A marginal SAS cable or backplane can do the same thing.

C) PSU / power draw at spin-up​

When all HDDs spin up together, the PSU may dip and the system resets/cycles.

4) The most effective next step: find the “poison” drive/slot​

Since your data is not critical, we can troubleshoot aggressively.

Do this test (best bang for time)​

  1. Power off.
  2. Leave the LSI card + SAS/backplane cables connected.
  3. Remove ALL hard drives from the backplane (pull the trays).
  4. Boot.
If it boots reliably now, then:
  1. Insert ONE drive only, boot again.
  2. Repeat, adding one drive at a time until it starts cycling/failing.
The drive you inserted right before it starts cycling is very likely bad (or the slot/backplane position it’s in is bad).
If it fails even with no drives inserted, then the issue is more likely the SAS cable/backplane short or the LSI card itself.

5) “All drives show Unconfigured” — what that means​

If all drives show Unconfigured (and you don’t see “Foreign configuration”), the controller is not seeing valid RAID metadata for an existing array.
That can happen if:
  • The array config was cleared at some point, or
  • You’re in a different controller/firmware mode than the array was created with, or
  • The controller can’t properly read the disks (cable/backplane/drive issue)

Because your data isn’t critical:​

The simplest end-state is usually:
  • Create a new configuration
  • Initialize (this wipes)
  • Build your RAID again
Warning: “Initialize” is destructive.
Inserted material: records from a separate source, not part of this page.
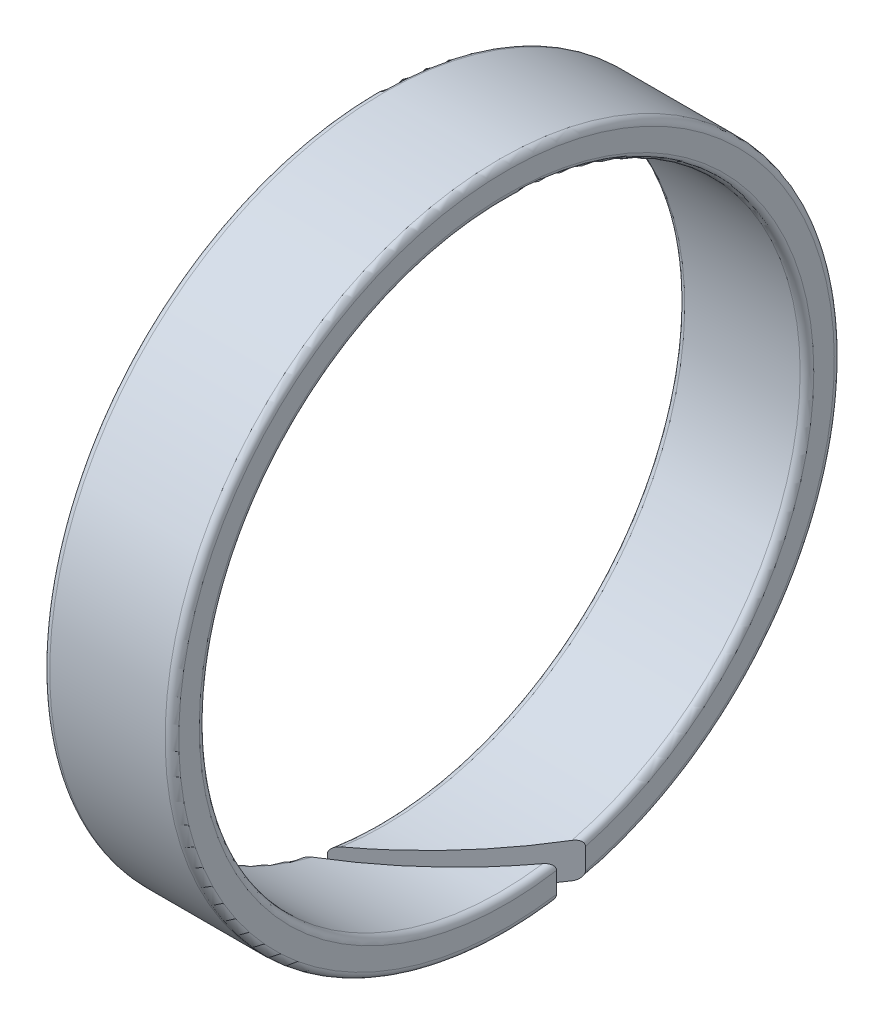
ISO-10303-21;
HEADER;
FILE_DESCRIPTION(('STEP AP214'),'2;1');
FILE_NAME('part.step','',(''),(''),'','','');
FILE_SCHEMA(('AUTOMOTIVE_DESIGN { 1 0 10303 214 1 1 1 1 }'));
ENDSEC;
DATA;
#1=APPLICATION_CONTEXT('core data for automotive mechanical design processes');
#2=APPLICATION_PROTOCOL_DEFINITION('international standard','automotive_design',2000,#1);
#3=PRODUCT_CONTEXT('',#1,'mechanical');
#4=PRODUCT('Part','Part','',(#3));
#5=PRODUCT_RELATED_PRODUCT_CATEGORY('part','',(#4));
#6=PRODUCT_DEFINITION_FORMATION('','',#4);
#7=PRODUCT_DEFINITION_CONTEXT('part definition',#1,'design');
#8=PRODUCT_DEFINITION('design','',#6,#7);
#9=PRODUCT_DEFINITION_SHAPE('','',#8);
#10=(LENGTH_UNIT() NAMED_UNIT(*) SI_UNIT(.MILLI.,.METRE.));
#11=(NAMED_UNIT(*) PLANE_ANGLE_UNIT() SI_UNIT($,.RADIAN.));
#12=(NAMED_UNIT(*) SI_UNIT($,.STERADIAN.) SOLID_ANGLE_UNIT());
#13=UNCERTAINTY_MEASURE_WITH_UNIT(LENGTH_MEASURE(1.E-05),#10,'distance_accuracy_value','');
#14=(GEOMETRIC_REPRESENTATION_CONTEXT(3) GLOBAL_UNCERTAINTY_ASSIGNED_CONTEXT((#13)) GLOBAL_UNIT_ASSIGNED_CONTEXT((#10,
#11,#12)) REPRESENTATION_CONTEXT('',''));
#15=CARTESIAN_POINT('',(0.,0.,0.));
#16=DIRECTION('',(0.,0.,1.));
#17=DIRECTION('',(1.,0.,0.));
#18=AXIS2_PLACEMENT_3D('',#15,#16,#17);
#19=CARTESIAN_POINT('',(4.72500000000009,0.,0.));
#20=DIRECTION('',(1.,0.,0.));
#21=DIRECTION('',(0.,0.,-1.));
#22=AXIS2_PLACEMENT_3D('',#19,#20,#21);
#23=PLANE('',#22);
#24=DIRECTION('',(0.,-1.,0.));
#25=VECTOR('',#24,1.);
#26=CARTESIAN_POINT('',(4.72500000000009,1.11022302462516E-13,-3.6643398282202));
#27=LINE('',#26,#25);
#28=CARTESIAN_POINT('',(4.72500000000009,-22.1996084114861,-3.66433982822021));
#29=VERTEX_POINT('',#28);
#30=CARTESIAN_POINT('',(4.72500000000009,-23.7186132314544,-3.6643398282202));
#31=VERTEX_POINT('',#30);
#32=EDGE_CURVE('E142',#29,#31,#27,.T.);
#33=ORIENTED_EDGE('',*,*,#32,.F.);
#34=CARTESIAN_POINT('',(4.72500000000009,0.,0.));
#35=DIRECTION('',(1.,0.,0.));
#36=DIRECTION('',(0.,0.,-1.));
#37=AXIS2_PLACEMENT_3D('',#34,#35,#36);
#38=CIRCLE('',#37,22.5);
#39=CARTESIAN_POINT('',(4.72500000000009,-21.7434159316489,-5.78566017177985));
#40=VERTEX_POINT('',#39);
#41=EDGE_CURVE('E11',#29,#40,#38,.F.);
#42=ORIENTED_EDGE('',*,*,#41,.T.);
#43=DIRECTION('',(0.,1.,0.));
#44=VECTOR('',#43,1.);
#45=CARTESIAN_POINT('',(4.72500000000009,-24.5,-5.78566017177985));
#46=LINE('',#45,#44);
#47=CARTESIAN_POINT('',(4.72500000000009,-23.2921904589647,-5.78566017177986));
#48=VERTEX_POINT('',#47);
#49=EDGE_CURVE('E251',#48,#40,#46,.T.);
#50=ORIENTED_EDGE('',*,*,#49,.F.);
#51=CARTESIAN_POINT('',(4.72500000000009,0.,0.));
#52=DIRECTION('',(1.,0.,0.));
#53=DIRECTION('',(0.,0.,-1.));
#54=AXIS2_PLACEMENT_3D('',#51,#52,#53);
#55=CIRCLE('',#54,24.);
#56=EDGE_CURVE('E50',#48,#31,#55,.T.);
#57=ORIENTED_EDGE('',*,*,#56,.T.);
#58=EDGE_LOOP('',(#33,#42,#50,#57));
#59=FACE_BOUND('',#58,.T.);
#60=ADVANCED_FACE('F41',(#59),#23,.T.);
#61=CARTESIAN_POINT('',(-4.72500000000009,0.,0.));
#62=DIRECTION('',(1.,0.,0.));
#63=DIRECTION('',(0.,0.,-1.));
#64=AXIS2_PLACEMENT_3D('',#61,#62,#63);
#65=PLANE('',#64);
#66=DIRECTION('',(0.,-1.,0.));
#67=VECTOR('',#66,1.);
#68=CARTESIAN_POINT('',(-4.72500000000009,0.,5.65562475744677));
#69=LINE('',#68,#67);
#70=CARTESIAN_POINT('',(-4.72500000000009,-21.7776010754847,5.65562475744677));
#71=VERTEX_POINT('',#70);
#72=CARTESIAN_POINT('',(-4.72500000000009,-23.3241057406913,5.65562475744677));
#73=VERTEX_POINT('',#72);
#74=EDGE_CURVE('E146',#71,#73,#69,.T.);
#75=ORIENTED_EDGE('',*,*,#74,.T.);
#76=CARTESIAN_POINT('',(-4.72500000000009,0.,0.));
#77=DIRECTION('',(1.,0.,0.));
#78=DIRECTION('',(0.,0.,-1.));
#79=AXIS2_PLACEMENT_3D('',#76,#77,#78);
#80=CIRCLE('',#79,24.);
#81=CARTESIAN_POINT('',(-4.72500000000009,-23.7186132314542,3.6643398282202));
#82=VERTEX_POINT('',#81);
#83=EDGE_CURVE('E210',#73,#82,#80,.F.);
#84=ORIENTED_EDGE('',*,*,#83,.T.);
#85=DIRECTION('',(0.,1.,0.));
#86=VECTOR('',#85,1.);
#87=CARTESIAN_POINT('',(-4.72500000000009,0.,3.66433982822019));
#88=LINE('',#87,#86);
#89=CARTESIAN_POINT('',(-4.72500000000009,-22.1996084114861,3.6643398282202));
#90=VERTEX_POINT('',#89);
#91=EDGE_CURVE('E265',#82,#90,#88,.T.);
#92=ORIENTED_EDGE('',*,*,#91,.T.);
#93=CARTESIAN_POINT('',(-4.72500000000009,0.,0.));
#94=DIRECTION('',(1.,0.,0.));
#95=DIRECTION('',(0.,0.,-1.));
#96=AXIS2_PLACEMENT_3D('',#93,#94,#95);
#97=CIRCLE('',#96,22.5);
#98=EDGE_CURVE('E207',#90,#71,#97,.T.);
#99=ORIENTED_EDGE('',*,*,#98,.T.);
#100=EDGE_LOOP('',(#75,#84,#92,#99));
#101=FACE_BOUND('',#100,.T.);
#102=ADVANCED_FACE('F264',(#101),#65,.F.);
#103=CARTESIAN_POINT('',(4.72500000000009,0.,0.));
#104=DIRECTION('',(-1.,0.,0.));
#105=DIRECTION('',(0.,0.,1.));
#106=AXIS2_PLACEMENT_3D('',#103,#104,#105);
#107=CYLINDRICAL_SURFACE('',#106,24.5);
#108=CARTESIAN_POINT('',(-1.06066017177975,0.,0.));
#109=DIRECTION('',(-0.707106781186549,0.,-0.707106781186548));
#110=DIRECTION('',(-0.707106781186546,0.,0.70710678118655));
#111=AXIS2_PLACEMENT_3D('',#108,#109,#110);
#112=ELLIPSE('',#111,34.6482322781408,24.5);
#113=CARTESIAN_POINT('',(4.22499999999992,-23.923039032457,-5.28566017177984));
#114=VERTEX_POINT('',#113);
#115=CARTESIAN_POINT('',(-4.22499999999992,-24.294792722959,3.1643398282202));
#116=VERTEX_POINT('',#115);
#117=EDGE_CURVE('E135',#114,#116,#112,.T.);
#118=ORIENTED_EDGE('',*,*,#117,.T.);
#119=CARTESIAN_POINT('',(-4.22499999999992,0.,0.));
#120=DIRECTION('',(1.,0.,0.));
#121=DIRECTION('',(0.,0.,-1.));
#122=AXIS2_PLACEMENT_3D('',#119,#120,#121);
#123=CIRCLE('',#122,24.5);
#124=CARTESIAN_POINT('',(-4.22499999999992,-23.923039032457,5.28566017177985));
#125=VERTEX_POINT('',#124);
#126=EDGE_CURVE('E118',#116,#125,#123,.T.);
#127=ORIENTED_EDGE('',*,*,#126,.T.);
#128=CARTESIAN_POINT('',(1.06066017177975,0.,0.));
#129=DIRECTION('',(0.707106781186549,0.,0.707106781186547));
#130=DIRECTION('',(-0.707106781186546,0.,0.707106781186551));
#131=AXIS2_PLACEMENT_3D('',#128,#129,#130);
#132=ELLIPSE('',#131,34.6482322781408,24.5);
#133=CARTESIAN_POINT('',(4.22499999999992,-24.2947927229589,-3.1643398282202));
#134=VERTEX_POINT('',#133);
#135=EDGE_CURVE('E132',#125,#134,#132,.T.);
#136=ORIENTED_EDGE('',*,*,#135,.T.);
#137=CARTESIAN_POINT('',(4.22499999999992,0.,0.));
#138=DIRECTION('',(1.,0.,0.));
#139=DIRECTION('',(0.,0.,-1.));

Only do it if you’re OK losing what’s on those RAID disks.

6) One quick clarification question (important)​

The BIOS utility in your photo shows M1068e (SAS1068E family). That is not what I’d expect to see on a MegaRAID 9260-8i “WebBIOS” screen.
Can you confirm what the physical card actually is by:
  • Posting a photo of the sticker/label on the card, or
  • Writing the exact model shown during POST (it often says SAS1068E / SAS3081E / MegaRAID 9260, etc.)
This matters because the key combos and management tools differ by controller family.

Answering your main goal (“If I can get to the right window I can repair drive”)​

Yes—but first we must make the controller stable enough to see the drives without rebooting.
Do these two things next:
1) Use a wired keyboard and try Objects → Adapter → Alarm Control to silence the alarm
2) Do the one-drive-at-a-time test to find the drive/slot that triggers cycling
Reply with:
  • What you see under Objects
  • Whether the system cycles when no drives are inserted, and if not, which drive number causes the cycling when added back one-by-one.